Julia Nawalnaja redet zu ihrer Anhängerschaft aus dem Halbdunkeln. Ihr Gesicht ist nur leicht von Lampen angestrahlt, die Schminke dezent, die Stimme leise. Im perfekt einstudierten Ton verkündet sie, dass sie die Sache ihres Mannes, des professionellen Kreml-Gegners Alexei Nawalny, den Kampf für ein “freies Russland”, von nun an übernehmen wird. Er ist drei Tage zuvor in einem Lager in der sibirischen Region Jamalo-Nenzen plötzlich gestorben. Sie will bald Beweise dafür vorlegen, dass Alexei Nawalny auf Befehl Wladimir Putins ermordet wurde, verspricht sie. Mit allen Details.
“Wir sagen euch, wer genau und wie dieses Verbrechen ausgeführt hat. Wir werden Namen nennen und Gesichter zeigen.”
Die Videoansprache ist ganz nach den Regeln der psychologischen Kriegsführung formuliert. Nawalnaja wiederholt elfmal, dass Putin Alexei getötet habe. Am Ende spricht sie von Wut, die vermehrt werden müsse.
“Ich bitte Euch, meine Wut zu teilen. Wut, Ärger, Hass auf diejenigen, die es gewagt haben, unsere Zukunft zu zerstören.”
Hass soll die Anhängerschaft zementieren und zum Handeln anstacheln. Ob er eines natürlichen Todes gestorben ist oder infolge eines Auftragsmordes, spielt keine Rolle, fortan ist Nawalny ein Märtyrer, dessen Figur zum Kampf mobilisieren soll. Seine Jünger schwören Rache.
“Mir ist heute klar geworden, dass Putin mich zu hassen gelehrt hat. Diese Kreml-Hure ist der Grund, warum ich Hass empfinde. Ich hoffe, dass ihr sie genauso hasst, wie ich und wir diesen Hass zu einer Kraft werden lassen, die diese Drecksäcke hinwegfegen wird. Wir werden uns für Alexei rächen.”

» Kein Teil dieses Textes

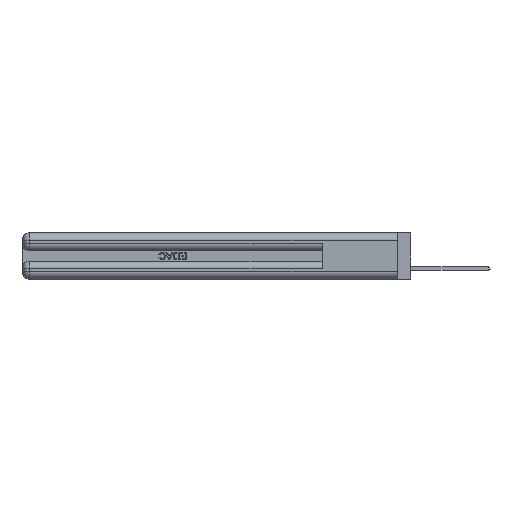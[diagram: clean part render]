
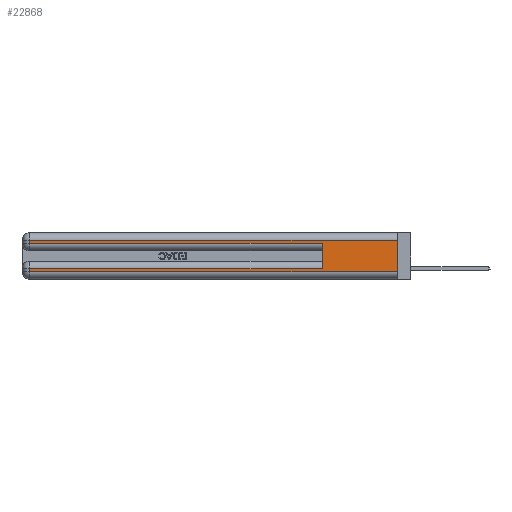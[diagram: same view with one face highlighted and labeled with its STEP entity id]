
A CAD part, left-side view. The second image highlights one B-rep face of the part: STEP entity #22868.
In plain terms, the highlighted planar face has unit normal (-1, 0, 0).
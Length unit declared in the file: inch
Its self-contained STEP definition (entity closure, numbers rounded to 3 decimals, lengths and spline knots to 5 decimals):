
#653 = CARTESIAN_POINT ( 'NONE',  ( 0., 2.94, 0.085 ) ) ;
#1166 = CARTESIAN_POINT ( 'NONE',  ( 0., 2.94, 0.06 ) ) ;
#2864 = DIRECTION ( 'NONE',  ( 0., 0., -1. ) ) ;
#2880 = EDGE_CURVE ( 'NONE', #16925, #38604, #33325, .T. ) ;
#3022 = ORIENTED_EDGE ( 'NONE', *, *, #37238, .T. ) ;
#4103 = EDGE_CURVE ( 'NONE', #20317, #29466, #33123, .T. ) ;
#4218 = CARTESIAN_POINT ( 'NONE',  ( 0., 0., 0.37 ) ) ;
#4235 = CARTESIAN_POINT ( 'NONE',  ( 0., 2.94, 0.37 ) ) ;
#4635 = CARTESIAN_POINT ( 'NONE',  ( 0., 0., 0.06 ) ) ;
#5829 = ORIENTED_EDGE ( 'NONE', *, *, #23614, .T. ) ;
#6446 = CARTESIAN_POINT ( 'NONE',  ( 0., 0.6, 0.145 ) ) ;
#7048 = CARTESIAN_POINT ( 'NONE',  ( 0., 0., 0.285 ) ) ;
#7056 = ORIENTED_EDGE ( 'NONE', *, *, #9258, .T. ) ;
#7937 = VERTEX_POINT ( 'NONE', #20791 ) ;
#8446 = DIRECTION ( 'NONE',  ( 0., -1., 0. ) ) ;
#8448 = ORIENTED_EDGE ( 'NONE', *, *, #20800, .T. ) ;
#9132 = VECTOR ( 'NONE', #2864, 39.37008 ) ;
#9232 = VECTOR ( 'NONE', #18295, 39.37008 ) ;
#9258 = EDGE_CURVE ( 'NONE', #41751, #38604, #18396, .T. ) ;
#9320 = CARTESIAN_POINT ( 'NONE',  ( 0., 0., 0.31 ) ) ;
#9994 = DIRECTION ( 'NONE',  ( 0., 1., 0. ) ) ;
#12196 = FACE_OUTER_BOUND ( 'NONE', #32513, .T. ) ;
#12600 = VECTOR ( 'NONE', #9994, 39.37008 ) ;
#13256 = CARTESIAN_POINT ( 'NONE',  ( 0., 0.6, 0.285 ) ) ;
#15709 = DIRECTION ( 'NONE',  ( 1., 0., 0. ) ) ;
#16925 = VERTEX_POINT ( 'NONE', #21131 ) ;
#17270 = CARTESIAN_POINT ( 'NONE',  ( 0., 0., 0.085 ) ) ;
#17355 = DIRECTION ( 'NONE',  ( 0., 0., 1. ) ) ;
#18295 = DIRECTION ( 'NONE',  ( 0., -1., 0. ) ) ;
#18396 = LINE ( 'NONE', #4635, #30778 ) ;
#18909 = VECTOR ( 'NONE', #45536, 39.37008 ) ;
#19163 = LINE ( 'NONE', #7048, #9232 ) ;
#19486 = DIRECTION ( 'NONE',  ( 0., 0., -1. ) ) ;
#19718 = DIRECTION ( 'NONE',  ( 0., 0., -1. ) ) ;
#20317 = VERTEX_POINT ( 'NONE', #42698 ) ;
#20791 = CARTESIAN_POINT ( 'NONE',  ( 0., 2.94, 0.31 ) ) ;
#20800 = EDGE_CURVE ( 'NONE', #33822, #41751, #28712, .T. ) ;
#21131 = CARTESIAN_POINT ( 'NONE',  ( 0., 0., 0.31 ) ) ;
#22868 = ADVANCED_FACE ( 'NONE', ( #12196 ), #31229, .F. ) ;
#23614 = EDGE_CURVE ( 'NONE', #43557, #29466, #19163, .T. ) ;
#24492 = EDGE_CURVE ( 'NONE', #16925, #7937, #28570, .T. ) ;
#28570 = LINE ( 'NONE', #9320, #12600 ) ;
#28712 = LINE ( 'NONE', #34292, #30434 ) ;
#28878 = DIRECTION ( 'NONE',  ( 0., 1., 0. ) ) ;
#29466 = VERTEX_POINT ( 'NONE', #13256 ) ;
#30434 = VECTOR ( 'NONE', #19718, 39.37008 ) ;
#30778 = VECTOR ( 'NONE', #8446, 39.37008 ) ;
#31229 = PLANE ( 'NONE',  #48271 ) ;
#32513 = EDGE_LOOP ( 'NONE', ( #37154, #47113, #3022, #5829, #33162, #45174, #8448, #7056 ) ) ;
#33123 = LINE ( 'NONE', #6446, #34841 ) ;
#33162 = ORIENTED_EDGE ( 'NONE', *, *, #4103, .F. ) ;
#33325 = LINE ( 'NONE', #40348, #9132 ) ;
#33750 = LINE ( 'NONE', #4235, #18909 ) ;
#33822 = VERTEX_POINT ( 'NONE', #653 ) ;
#34292 = CARTESIAN_POINT ( 'NONE',  ( 0., 2.94, 0.37 ) ) ;
#34841 = VECTOR ( 'NONE', #17355, 39.37008 ) ;
#35128 = EDGE_CURVE ( 'NONE', #20317, #33822, #38554, .T. ) ;
#37154 = ORIENTED_EDGE ( 'NONE', *, *, #2880, .F. ) ;
#37238 = EDGE_CURVE ( 'NONE', #7937, #43557, #33750, .T. ) ;
#38554 = LINE ( 'NONE', #17270, #48601 ) ;
#38604 = VERTEX_POINT ( 'NONE', #48069 ) ;
#40348 = CARTESIAN_POINT ( 'NONE',  ( 0., 0., 0.37 ) ) ;
#41751 = VERTEX_POINT ( 'NONE', #1166 ) ;
#42698 = CARTESIAN_POINT ( 'NONE',  ( 0., 0.6, 0.085 ) ) ;
#43557 = VERTEX_POINT ( 'NONE', #48184 ) ;
#45174 = ORIENTED_EDGE ( 'NONE', *, *, #35128, .T. ) ;
#45536 = DIRECTION ( 'NONE',  ( 0., 0., -1. ) ) ;
#47113 = ORIENTED_EDGE ( 'NONE', *, *, #24492, .T. ) ;
#48069 = CARTESIAN_POINT ( 'NONE',  ( 0., 0., 0.06 ) ) ;
#48184 = CARTESIAN_POINT ( 'NONE',  ( 0., 2.94, 0.285 ) ) ;
#48271 = AXIS2_PLACEMENT_3D ( 'NONE', #4218, #15709, #19486 ) ;
#48601 = VECTOR ( 'NONE', #28878, 39.37008 ) ;

Das sagt einer der Demonstranten vor der russischen Botschaft im georgischen Tiflis. Wie auch in anderen Hauptstädten, wo viele junge russische “Relokanten” jetzt leben, finden in diesen Tagen spontane Gedenkkundgebungen statt. Die Menge, die fast ausschließlich aus jungen mittelständischen Städtern besteht, ruft: “Putin, verrecke”! Der Hass gilt auch dem russischen Volk. “Mörder. Scheiß-Kreml und Russen-Gesindel”, schreibt einer der Demonstranten auf sein Plakat. Die Mehrheit der Russen hegt indes keinerlei Sympathie für den Kampf Alexei Nawalnys, hielt den charismatischen Populisten für einen Hassprediger und Agenten des Westens und wird voraussichtlich bei den nächsten Präsidentschaftswahlen zum wiederholten Male wieder Wladimir Putin wählen. Dieses Gesindel, es hat in den Augen der Nawalnysten keine bessere Bezeichnung verdient.